Christian Nagel edited this page Sep 28, 2023 · 3 revisions

Part 3 - EF Core

You can create a custom data library using EF Core referencing the models package, or just use the NuGet package of the data library: CNinnovation.Codebreaker.Cosmos.

Configure the Cosmos DB context

With the Games API, reference the NuGet package CNinnovation.Codebreaker.Cosmos.

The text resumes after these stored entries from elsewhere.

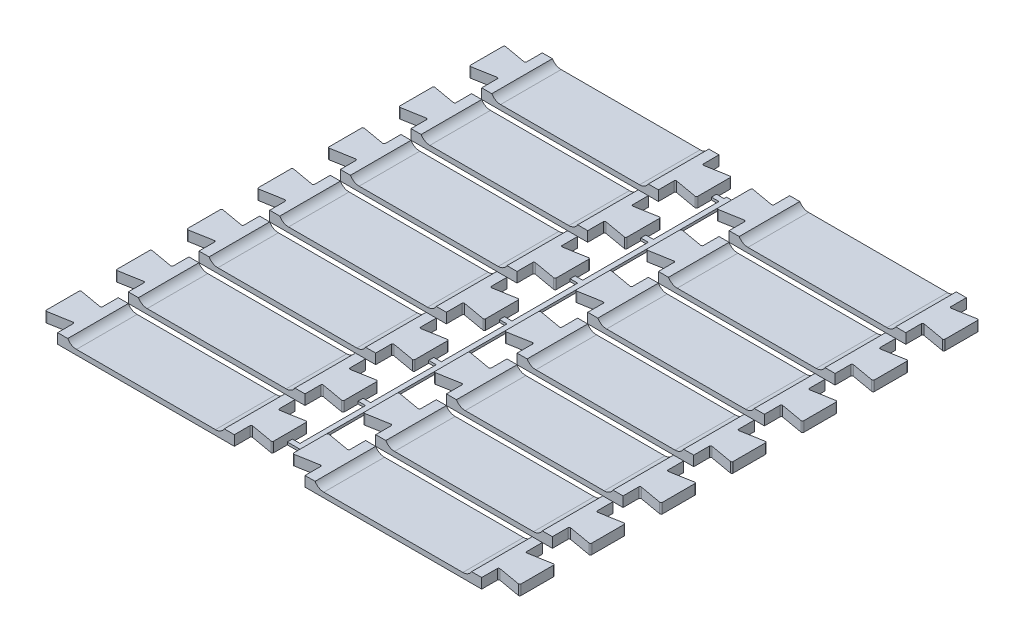
SolidWorks part; units mm, degrees
ref_plane "Front Plane" through (0, 0, 0) normal (0, 0, 1) x (1, 0, 0)
ref_plane "Top Plane" through (0, 0, 0) normal (0, 1, 0) x (1, 0, 0)
ref_plane "Right Plane" through (0, 0, 0) normal (1, 0, 0) x (0, 0, -1)
sketch "Sketch1" plane through (0, 0, 0) normal (0, 1, 0) x (1, 0, 0)
  line L0 (-17.5, 2.6184) -> (-22.5, 3.5)
  line L1 (-17.5, -6) -> (17.5, -6)
  line L2 (-17.5, -6) -> (-17.5, -2.6184)
  line L3 (-17.5, 6) -> (17.5, 6)
  line L4 (17.5, -6) -> (17.5, -2.6184)
  line L5 (-17.5, -6) -> (17.5, 6) construction
  line L6 (-17.5, 6) -> (17.5, -6) construction
  line L7 (-22.5, 3.5) -> (-22.5, -3.5)
  line L8 (-10, 0) -> (-18.3718, 0) construction
  line L9 (-17.5, -2.6184) -> (-22.5, -3.5)
  line L10 (-17.5, 2.6184) -> (-17.5, 6)
  line L11 (0, 0) -> (0, 6) construction
  line L12 (17.5, -2.6184) -> (22.5, -3.5)
  line L13 (22.5, 3.5) -> (22.5, -3.5)
  line L14 (17.5, 2.6184) -> (22.5, 3.5)
  line L15 (17.5, 2.6184) -> (17.5, 6)
  line L16 (-17.5, 6) -> (-27.9194, 6) construction
  point P0 (0, 0)
  point P13 (-22.5, 0)
  dimension "D1" = 12
  dimension "D2" = 35
  dimension "D3" = 3.5
  dimension "D4" = 80
  dimension "D5" = 5
extrude "Boss-Extrude1" add sketch "Sketch1" along normal blind 2
fillet "Fillet1" radius 0.25 8 edges at (-17.5, 1, 2.6184) (-22.5, 1, 3.5) (-22.5, 1, -3.5) (-17.5, 1, -2.6184) (17.5, 1, -2.6184) (22.5, 1, -3.5) (22.5, 1, 3.5) (17.5, 1, 2.6184)
shell "Shell1" [suppressed] thickness 1
fillet "Fillet2" [suppressed] radius 0.5
fillet "Fillet5" [suppressed] radius 1.5
sketch "Sketch2" plane through (0, 0, 0) normal (0, 0, 1) x (1, 0, 0)
  line L0 (-17.5, 2) -> (17.5, 2) construction
  line L1 (0, 0) -> (0, 2) construction
  line L2 (-14.5, 2) -> (-14.5, 5.1779)
  line L3 (-17.5, 0) -> (17.5, 0) construction
  line L4 (-14.5, 5.1779) -> (14.5, 5.1779)
  line L5 (14.5, 2) -> (14.5, 5.1779)
  spline S0 degree 3 poles (-14.5, 2) (-10.1117, 3.708) (-5.6899, 1.0248) (0, 1) knots 0 0 0 0 1 1 1 1
  spline S1 degree 3 poles (14.5, 2) (10.1117, 3.708) (5.6899, 1.0248) (0, 1) knots 0 0 0 0 1 1 1 1
  point P15 (0, 5.1779)
  dimension "D1" = 14.5
  dimension "D2" = 10
  dimension "D3" = 1
extrude "Cut-Extrude1" [suppressed] cut sketch "Sketch2" against normal mid plane 12
sketch "Sketch3" plane through (0, 2, 0) normal (0, 1, 0) x (1, 0, 0)
  line L0 (17.5, 6) -> (-17.5, 6) construction
  line L1 (-15.5, 6) -> (15.5, 6)
  line L2 (-15.5, 6) -> (-15.5, -6)
  line L3 (-15.5, -6) -> (15.5, -6)
  line L4 (15.5, 6) -> (15.5, -6)
  line L5 (-17.5, -6) -> (17.5, -6) construction
  line L6 (-17.5, 6) -> (-17.5, 2.9163) construction
  line L7 (17.5, 2.9163) -> (17.5, 6) construction
  point P8 (-17.5, 4.4582)
  point P11 (17.5, 4.4582)
  dimension "D1" = 2
  dimension "D2" = 2
extrude "Cut-Extrude2" cut sketch "Sketch3" against normal blind 1
fillet "Fillet6" radius 2 2 edges at (-15.5, 1, 0) (15.5, 1, 0)
sketch "Sketch4" plane through (0, 0, 0) normal (0, 1, 0) x (1, 0, 0)
  line L1 (-29.6701, -11.4809) -> (80.3299, -11.4809)
  line L2 (-29.6701, -11.4809) -> (-29.6701, 78.5191)
  line L3 (-29.6701, 78.5191) -> (80.3299, 78.5191)
  line L4 (80.3299, -11.4809) -> (80.3299, 78.5191)
  line L5 (21.5, 0.5) -> (24.5, 0.5)
  line L6 (21.5, 0.5) -> (21.5, -0.5)
  line L7 (21.5, -0.5) -> (24.5, -0.5)
  line L8 (24.5, 0.5) -> (24.5, -0.5)
  dimension "D1" = 90
  dimension "D2" = 110
  dimension "D3" = 3
  dimension "D4" = 21.5
  dimension "D5" = 0.5
  dimension "D6" = 1
extrude "Boss-Extrude2" add sketch "Sketch4" along normal blind 0.5 contours L7 L8 L5 L6
ref_plane "Plane1" through (24.5, 0, 0) normal (1, 0, 0) x (0, 0, -1)
mirror "Mirror1" about plane through (24.5, 0, 0) normal (1, 0, 0) of bodies 104
sketch "Sketch6" plane through (0, 0, 0) normal (0, 1, 0) x (1, 0, 0)
  line L0 (24.5, 0) -> (24.5, 45.0914) construction
  line L1 (24.5, -55) -> (24.5, 55) construction
pattern_linear "LPattern1" count 7 spacing 14 along (0, 0, -1) of bodies 105
sketch "Sketch5" plane through (0, 0, 0) normal (0, 1, 0) x (1, 0, 0)
  line L0 (22.5, -0.5) -> (22.5, 0.5) construction
  line L1 (24, 0) -> (25, 0)
  line L2 (24, 0) -> (24, 85)
  line L3 (24, 85) -> (25, 85)
  line L4 (25, 0) -> (25, 85)
  line L5 (22.5, -0.5) -> (26.5, -0.5) construction
  dimension "D1" = 1.5
  dimension "D2" = 1
  dimension "D3" = 0.5
  dimension "D4" = 85
extrude "Boss-Extrude3" add sketch "Sketch5" along normal blind 0.5
combine bodies "Combine1" operation type add bodies to combine 106 107 108 109 110 111 112

In the games API, program.cs, configure to use the Azure Cosmos DB context to be used inste of the in-memory context depending on the DataStorage configuration.

string dataStorage = builder.Configuration["DataStorage"] ??= "Cosmos";

if (dataStorage == "Cosmos")
{
    builder.Services.AddDbContext<IGamesRepository, GamesCosmosContext>(options =>
    {
        string connectionString = builder.Configuration.GetConnectionString("GamesCosmosConnection") ?? throw new InvalidOperationException("Could not find GamesCosmosConnection");
        options.UseCosmos(connectionString, databaseName: "codebreaker")
            .UseQueryTrackingBehavior(QueryTrackingBehavior.NoTracking);
    });
}
else if (dataStorage == "SqlServer")
{

}
else
{
    builder.Services.AddSingleton<IGamesRepository, GamesMemoryRepository>();
}

With the appsettings.json file, set a DataStorage key to the Cosmos value.

Cosmos DB Emulator

Startup the Azure Cosmos DB emulator, and create a database named codebreaker, and a container named GamesV3 with the partition key named /PartitionKey.

Create Container

Get the primary connection string from the Cosmos DB emulator, and configure it with ConnectionStrings

{
  "ConnectionStrings": {
    "GamesCosmosConnection": "<use the primary connection string from the Cosmos DB emulator>"
  }
}

Run the service

Run the service and test the API with HTTP files or the Swagger UI. Check for game items to be stored in the database.